Posts Tagged "Corporate Governance in Kenya"

Many directors are feeling outmatched by the ferocity of changing technology, emerging risks, and new competitors. Here are four ways to get boards in the game.

Today’s boards are getting the message. They have seen how leading digital players are threatening incumbents, and among the directors we work with, roughly one in three say that their business model will be disrupted in the next five years.

In a 2015 McKinsey survey, though, only 17 percent of directors said their boards were sponsoring digital initiatives, and in earlier McKinsey research, just 16 percent said they fully understood how the industry dynamics of their companies were changing.1 In our experience, common responses from boards to the shifting environment include hiring a digital director or chief digital officer, making pilgrimages to Silicon Valley, and launching subcommittees on digital.

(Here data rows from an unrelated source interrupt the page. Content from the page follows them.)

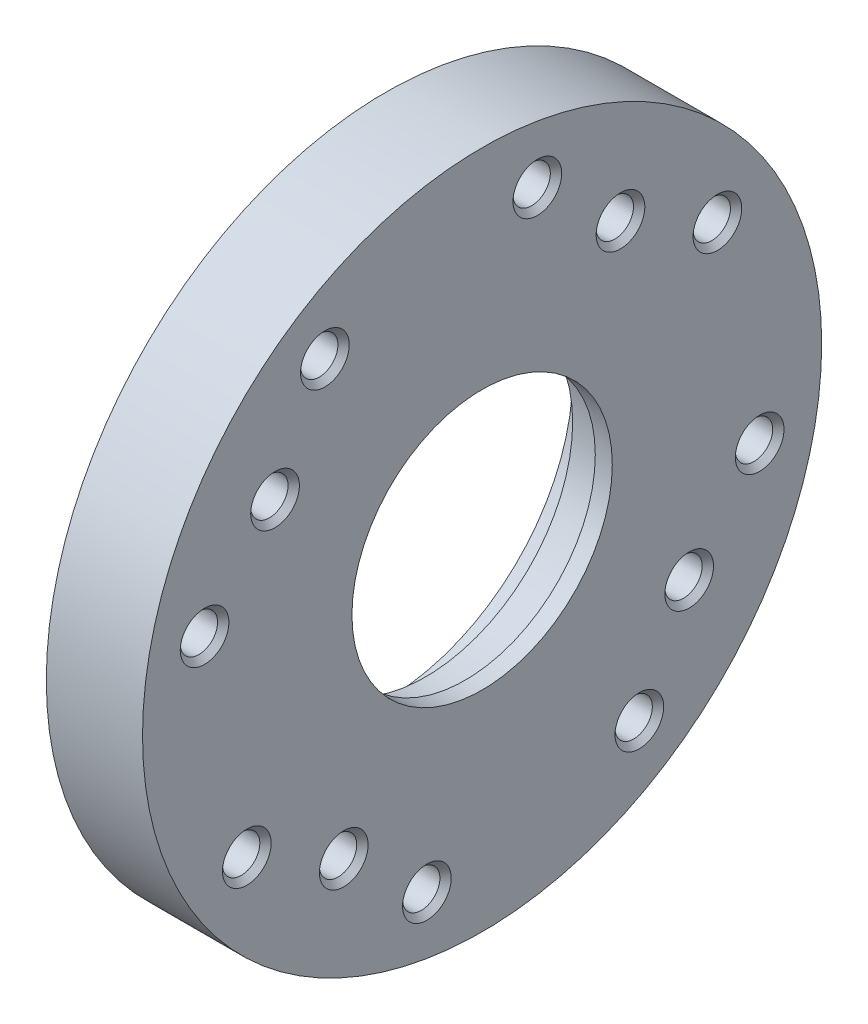
from build123d import *

# Parameters (mm, degrees)
SKETCH2_R          = 2.5
CUT_EXTRUDE1_DEPTH = 4
SKETCH3_R          = 3
CUT_EXTRUDE4_DEPTH = 87.539008545
SKETCH5_R          = 3.3
CUT_EXTRUDE6_DEPTH = 10
CHAMFER1_SIZE      = 1


with BuildPart() as part:
    # Sketch1 → Revolve1 (revolve)
    with BuildSketch(Plane.XY):
        Polygon((0, 60), (0, 33), (7, 33), (7, 26), (14, 26), (14, 23), (17, 23), (17, 60), align=None)
    revolve(axis=Axis((0, 0, 0), (1, 0, 0)))

    # Sketch2 → Cut-Extrude1 (cut)
    with BuildSketch(Plane.ZY):
        with Locations((0, 40)):
            Circle(SKETCH2_R)
        with Locations((15.307337295, 36.9551813)):
            Circle(SKETCH2_R)
        with Locations((28.284271247, 28.284271247)):
            Circle(SKETCH2_R)
        with Locations((36.9551813, 15.307337295)):
            Circle(SKETCH2_R)
        with Locations((40, 0)):
            Circle(SKETCH2_R)
        with Locations((36.9551813, -15.307337295)):
            Circle(SKETCH2_R)
        with Locations((28.284271247, -28.284271247)):
            Circle(SKETCH2_R)
        with Locations((15.307337295, -36.9551813)):
            Circle(SKETCH2_R)
        with Locations((0, -40)):
            Circle(SKETCH2_R)
        with Locations((-15.307337295, -36.9551813)):
            Circle(SKETCH2_R)
        with Locations((-28.284271247, -28.284271247)):
            Circle(SKETCH2_R)
        with Locations((-36.9551813, -15.307337295)):
            Circle(SKETCH2_R)
        with Locations((-40, 0)):
            Circle(SKETCH2_R)
        with Locations((-36.9551813, 15.307337295)):
            Circle(SKETCH2_R)
        with Locations((-28.284271247, 28.284271247)):
            Circle(SKETCH2_R)
        with Locations((-15.307337295, 36.9551813)):
            Circle(SKETCH2_R)
    extrude(amount=-CUT_EXTRUDE1_DEPTH, mode=Mode.SUBTRACT)

    # Sketch3 → Cut-Extrude4 (cut, through all)
    with BuildSketch(Plane(origin=(17, 0, 0), x_dir=(0, 0, -1), z_dir=(1, 0, 0))):
        with Locations((49.03926402, -9.754516101)):
            Circle(SKETCH3_R)
        with Locations((27.778511651, -41.573480615)):
            Circle(SKETCH3_R)
        with Locations((-9.754516101, -49.03926402)):
            Circle(SKETCH3_R)
        with Locations((-41.573480615, -27.778511651)):
            Circle(SKETCH3_R)
        with Locations((-49.03926402, 9.754516101)):
            Circle(SKETCH3_R)
        with Locations((-27.778511651, 41.573480615)):
            Circle(SKETCH3_R)
        with Locations((9.754516101, 49.03926402)):
            Circle(SKETCH3_R)
        with Locations((41.573480615, 27.778511651)):
            Circle(SKETCH3_R)
    extrude(amount=-CUT_EXTRUDE4_DEPTH, mode=Mode.SUBTRACT)

    # Sketch5 → Cut-Extrude6 (cut)
    with BuildSketch(Plane(origin=(17, 0, 0), x_dir=(0, 0, -1), z_dir=(1, 0, 0))):
        with Locations((9.754516101, 49.03926402)):
            Circle(SKETCH5_R)
        with Locations((41.573480615, 27.778511651)):
            Circle(SKETCH5_R)
        with Locations((49.03926402, -9.754516101)):
            Circle(SKETCH5_R)
        with Locations((27.778511651, -41.573480615)):
            Circle(SKETCH5_R)
        with Locations((-9.754516101, -49.03926402)):
            Circle(SKETCH5_R)
        with Locations((-41.573480615, -27.778511651)):
            Circle(SKETCH5_R)
        with Locations((-49.03926402, 9.754516101)):
            Circle(SKETCH5_R)
        with Locations((-27.778511651, 41.573480615)):
            Circle(SKETCH5_R)
        with Locations((24.445090253, 36.584662941)):
            Circle(SKETCH5_R)
        with Locations((36.584662941, -24.445090253)):
            Circle(SKETCH5_R)
        with Locations((-24.445090253, -36.584662941)):
            Circle(SKETCH5_R)
        with Locations((-36.584662941, 24.445090253)):
            Circle(SKETCH5_R)
    extrude(amount=-CUT_EXTRUDE6_DEPTH, mode=Mode.SUBTRACT)

    # Chamfer1
    chamfer1_edges = [part.edges().sort_by_distance(p)[0] for p in [
        (17, -27.778511651, 44.873480615),
        (17, -36.584662941, 27.745090253),
        (17, -49.03926402, 13.054516101),
        (17, -41.573480615, -24.478511651),
        (17, -24.445090253, -33.284662941),
        (17, -9.754516101, -45.73926402),
        (17, 27.778511651, -38.273480615),
        (17, 36.584662941, -21.145090253),
        (17, 49.03926402, -6.454516101),
        (17, 41.573480615, 31.078511651),
        (17, 24.445090253, 39.884662941),
        (17, 9.754516101, 52.33926402),
    ]]
    chamfer(chamfer1_edges, length=CHAMFER1_SIZE)


solid = part.part

Valuable as such moves can be, they often are insufficient to bridge the literacy gap facing boards—which has real consequences. There’s a new class of problems, where seasoned directors’ experiences managing and monetizing traditional assets just doesn’t translate. It is a daunting task to keep up with the growth of new competitors (who are as likely to come from adjacent sectors as they are from one’s own industry), rapid-fire funding cycles in Silicon Valley and other technology hotbeds, the fluidity of technology, the digital experiences customers demand, and the rise of nontraditional risks. Many boards are left feeling outmatched and overwhelmed.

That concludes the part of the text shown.